Billionaire Elon Musk has announced that his tenure as a formal adviser to President Donald Trump is coming to an end, raising questions about the future of the Department of Government Efficiency (DOGE) initiative he led.
In a post on X, his social media platform, Musk expressed gratitude to Trump for the opportunity to address government spending inefficiencies.
“As my scheduled time as a Special Government Employee comes to an end, I would like to thank President @realDonaldTrump for the opportunity to reduce wasteful spending,” Musk posted on X. “The @DOGE mission will only strengthen over time as it becomes a way of life throughout the government.”
Here are the five primary reasons why Musk may have stepped down from his advisory position:
Scheduled end of term
The most straightforward explanation lies in the statutory limitations of Musk's role as a Special Government Employee. These positions are legally restricted to 130 days of service within a 365-day period, with Musk's term scheduled to conclude around late May 2025. This arrangement was always intended to be temporary and advisory in nature, rather than a permanent executive position with direct decision-making authority. The position's inherent time constraints made this transition inevitable, regardless of other factors.
The ' Big Beautiful Bill '
A significant catalyst for Musk's departure appears to be his public opposition to Trump's signature legislation.
Just one day before his announcement, Musk openly criticised what the president dubbed his "big beautiful bill," describing it as a "massive spending bill" that would expand the federal deficit.
Also Read | Elon Musk to exit US government role after criticising Trump's 'big beautiful bill': 10 things to know
This legislation, combining tax cuts with enhanced immigration enforcement measures, stood in direct opposition to DOGE's core mission of reducing government spending and waste. During a CBS interview, Musk pointedly remarked, "I think a bill can be big or it could be beautiful, but I don't know if it could be both." This fundamental disagreement over fiscal policy created an untenable situation for his continued advisory role.
While speaking to CBS, Musk described it as a “massive spending bill” that increases the federal deficit and “undermines the work” of DOGE.
Frustration with bureaucratic inertia
Musk's experience with federal bureaucracy proved far more challenging than he initially anticipated. In various public statements, he expressed growing frustration with the pace of change and institutional resistance within Washington.
Speaking to the Washington Post, Musk described the situation as "much worse than I realized" and characterised his reform efforts as an "uphill battle."
The challenges extended beyond mere administrative hurdles, as DOGE became a lightning rod for criticism, often being blamed for various government-related issues, even those outside its purview. This mounting pressure affected not only the initiative but also Musk's other business ventures, with some protesters even targeting Tesla vehicles.

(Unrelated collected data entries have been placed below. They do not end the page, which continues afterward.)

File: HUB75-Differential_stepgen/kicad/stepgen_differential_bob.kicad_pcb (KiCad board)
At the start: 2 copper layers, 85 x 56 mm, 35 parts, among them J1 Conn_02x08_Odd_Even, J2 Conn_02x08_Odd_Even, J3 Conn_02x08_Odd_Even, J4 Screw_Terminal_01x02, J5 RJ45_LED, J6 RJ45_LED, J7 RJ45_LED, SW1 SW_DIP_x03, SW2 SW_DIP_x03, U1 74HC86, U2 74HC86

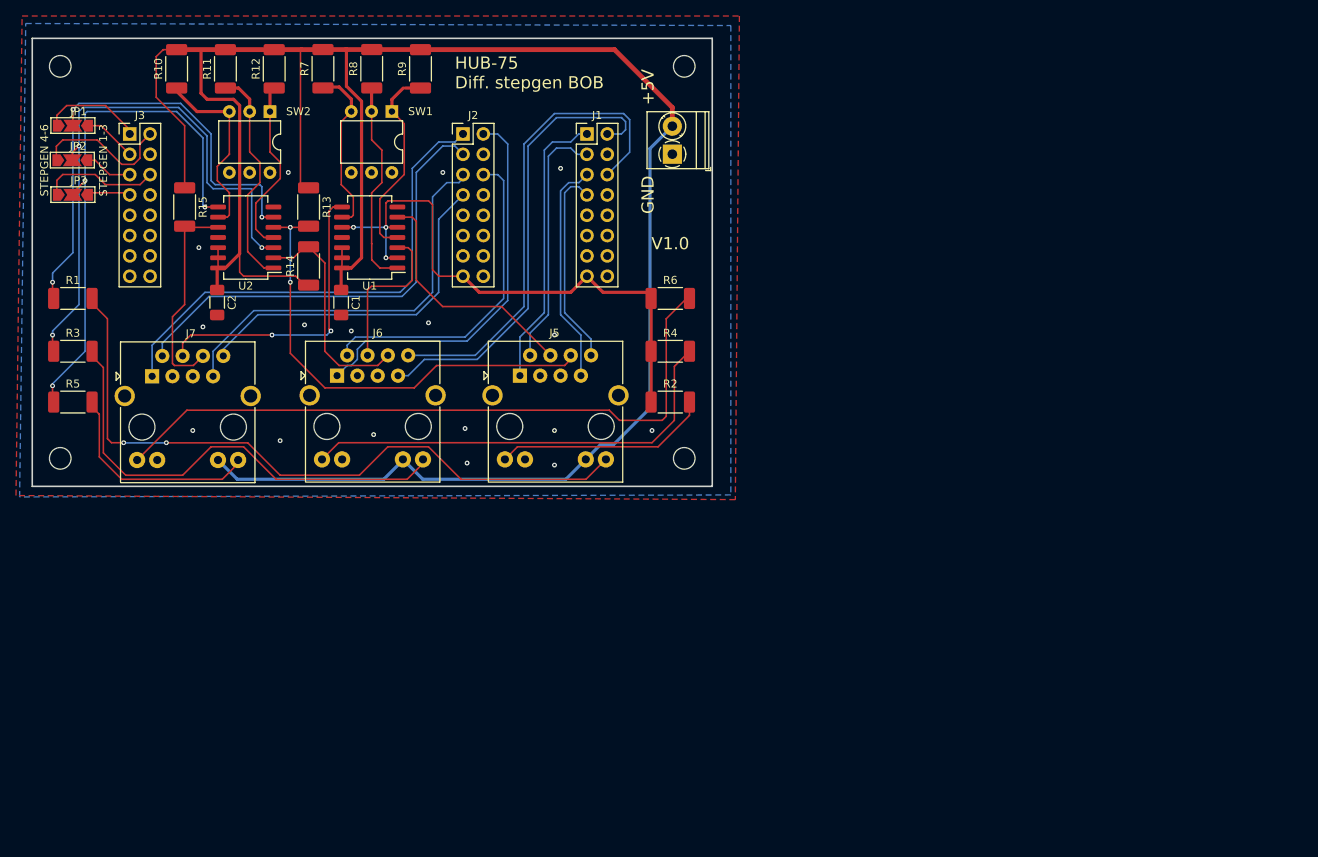
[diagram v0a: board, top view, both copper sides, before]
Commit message: Change trace width
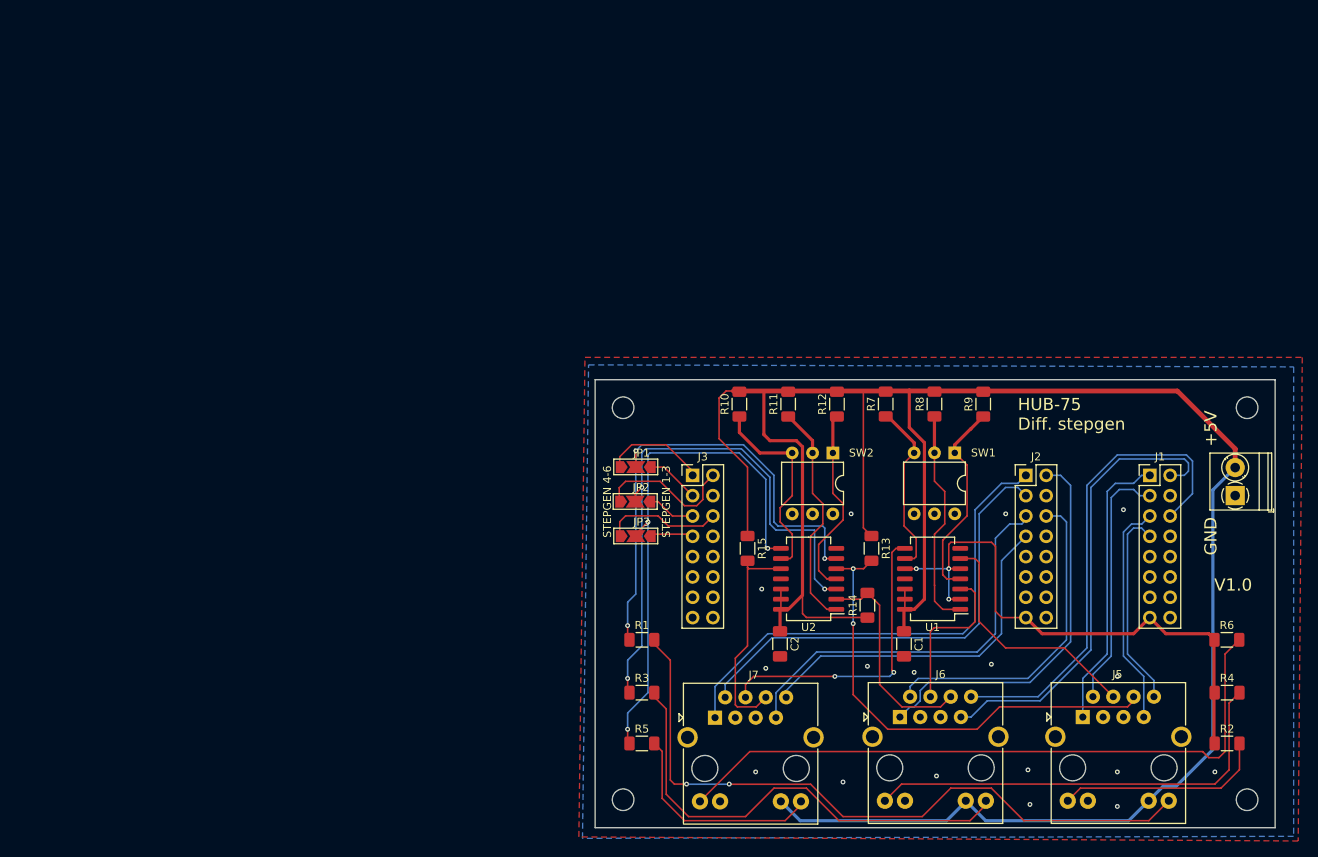
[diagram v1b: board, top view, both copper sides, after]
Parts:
- added G***: LOGO, LOGO, B.Cu at (140.5, 47.0)
- R1, R10, R11, R12, R13, R14, R15, R2, R3, R4, R5, R6, R7, R8, R9: footprint Resistor_SMD:R_2010_5025Metric_Pad1.40x2.65mm_HandSolder -> Resistor_SMD:R_1206_3216Metric_Pad1.30x1.75mm_HandSolder
- moved R1 82.9 mm to (76.2, 75.2)
- moved R3 82.9 mm to (76.2, 81.8)
- moved R5 82.9 mm to (76.2, 88.1)
- moved Hole1 82.3 mm to (151.9, 95.2)
- moved Hole2 82.3 mm to (151.9, 46.2)
- moved Hole3 82.3 mm to (73.9, 46.2)
- moved Hole4 82.3 mm to (73.9, 95.2)
- moved J3 82.3 mm to (82.5, 54.6)
- moved J5 82.3 mm to (131.3, 84.8)
- moved J6 82.3 mm to (108.5, 84.8)
- moved JP1 82.3 mm to (75.4, 53.6)
- moved JP3 82.3 mm to (75.4, 62.2)
- moved R13 82.3 mm to (104.9, 63.8)
- moved R15 82.3 mm to (89.4, 63.8)
- moved SW1 82.3 mm to (115.3, 51.8)
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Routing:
- net Net-(J7-Pad12): track 85.6 -> 83.5 mm
- net +5V: track 286.6 -> 288.5 mm
- net Net-(R8-Pad1): track 26.2 -> 27.8 mm
- net Net-(R10-Pad1): track 23.8 -> 25.4 mm
- net Net-(R12-Pad1): track 22.3 -> 23.9 mm
- net Net-(J7-Pad9): track 25.4 -> 26.6 mm
- net ALARM3: track 26.4 -> 27.3 mm
- net ALARM1: track 58.0 -> 58.9 mm
- net Net-(R9-Pad1): track 25.0 -> 25.7 mm
- net Net-(R11-Pad1): track 27.9 -> 28.6 mm
- net Net-(J5-Pad12): track 27.0 -> 26.3 mm
- net Net-(J6-Pad12): track 55.5 -> 54.8 mm
- net ALARM2: track 27.5 -> 26.9 mm
- net ALARM_OK3: track 66.1 -> 65.5 mm
- net ALARM_OK2: track 71.6 -> 71.0 mm
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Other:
- board text added: "By Peter van Tol"
- board text added: "HUB-75 Diff. stepgen"
- board text removed: "HUB-75 Diff. stepgen BOB"

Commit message: Update to v1.1 after prototype
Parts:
- J1, J2, J3: footprint Connector_PinHeader_2.54mm:PinHeader_2x08_P2.54mm_Vertical -> Connector_IDC:IDC-Header_2x08_P2.54mm_Vertical
- R1, R2, R3, R4, R5, R6: value 290 -> 270
- moved JP3 5.08 mm to (75.2, 67.3)
- moved JP1 5.08 mm to (75.2, 58.7)
- moved JP2 5.08 mm to (75.1, 63.0)
- moved R15 1.27 mm to (90.7, 63.8)
- moved J3 0.78 mm to (83.3, 54.6)
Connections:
- J3 pad 1: DRIVE_OK_EXT4 -> DRIVE_OK_EXT1
- J3 pad 2: DRIVE_OK_EXT5 -> DRIVE_OK_EXT2
- J3 pad 3: DRIVE_OK_EXT1 -> DRIVE_OK_EXT3
- J3 pad 5: DRIVE_OK_EXT2 -> DRIVE_OK_EXT4
- J3 pad 6: DRIVE_OK_EXT6 -> DRIVE_OK_EXT5
- J3 pad 7: DRIVE_OK_EXT3 -> DRIVE_OK_EXT6
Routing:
- net DRIVE_OK_EXT3: track 5.22 -> 12.7 mm, vias 0 -> 1
- net DRIVE_OK_EXT2: track 5.92 -> 13.3 mm
- net DRIVE_OK_EXT4: track 12.9 -> 19.8 mm
- net ALARM_OK3: track 65.5 -> 64.5 mm
- net DRIVE_OK_EXT6: track 14.6 -> 15.4 mm
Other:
- board text added: "ALARM"
- board text added: "INV. ALARM"
- board text added: "INV. ENABLE"
- board text added: "V1.1"
- board text removed: "V1.0"

Limited success in achieving spending cuts
The gap between DOGE's ambitious targets and actual achievements likely contributed to Musk's decision.
Initially promising $2 trillion in savings, the target was subsequently revised downward to $1 trillion, and then further to $150 billion. While DOGE implemented aggressive budget cuts and workforce reductions, the results fell significantly short of original expectations.
The department aimed to reduce the civilian workforce by 12% (approximately 288,000 positions from the 2.4 million total), but achieved only about 100,000 reductions through buyouts and terminations - a figure lower than typical annual retirement numbers. The DOGE website's reported savings of $175 billion, while substantial, represented just a fraction of the initial goals.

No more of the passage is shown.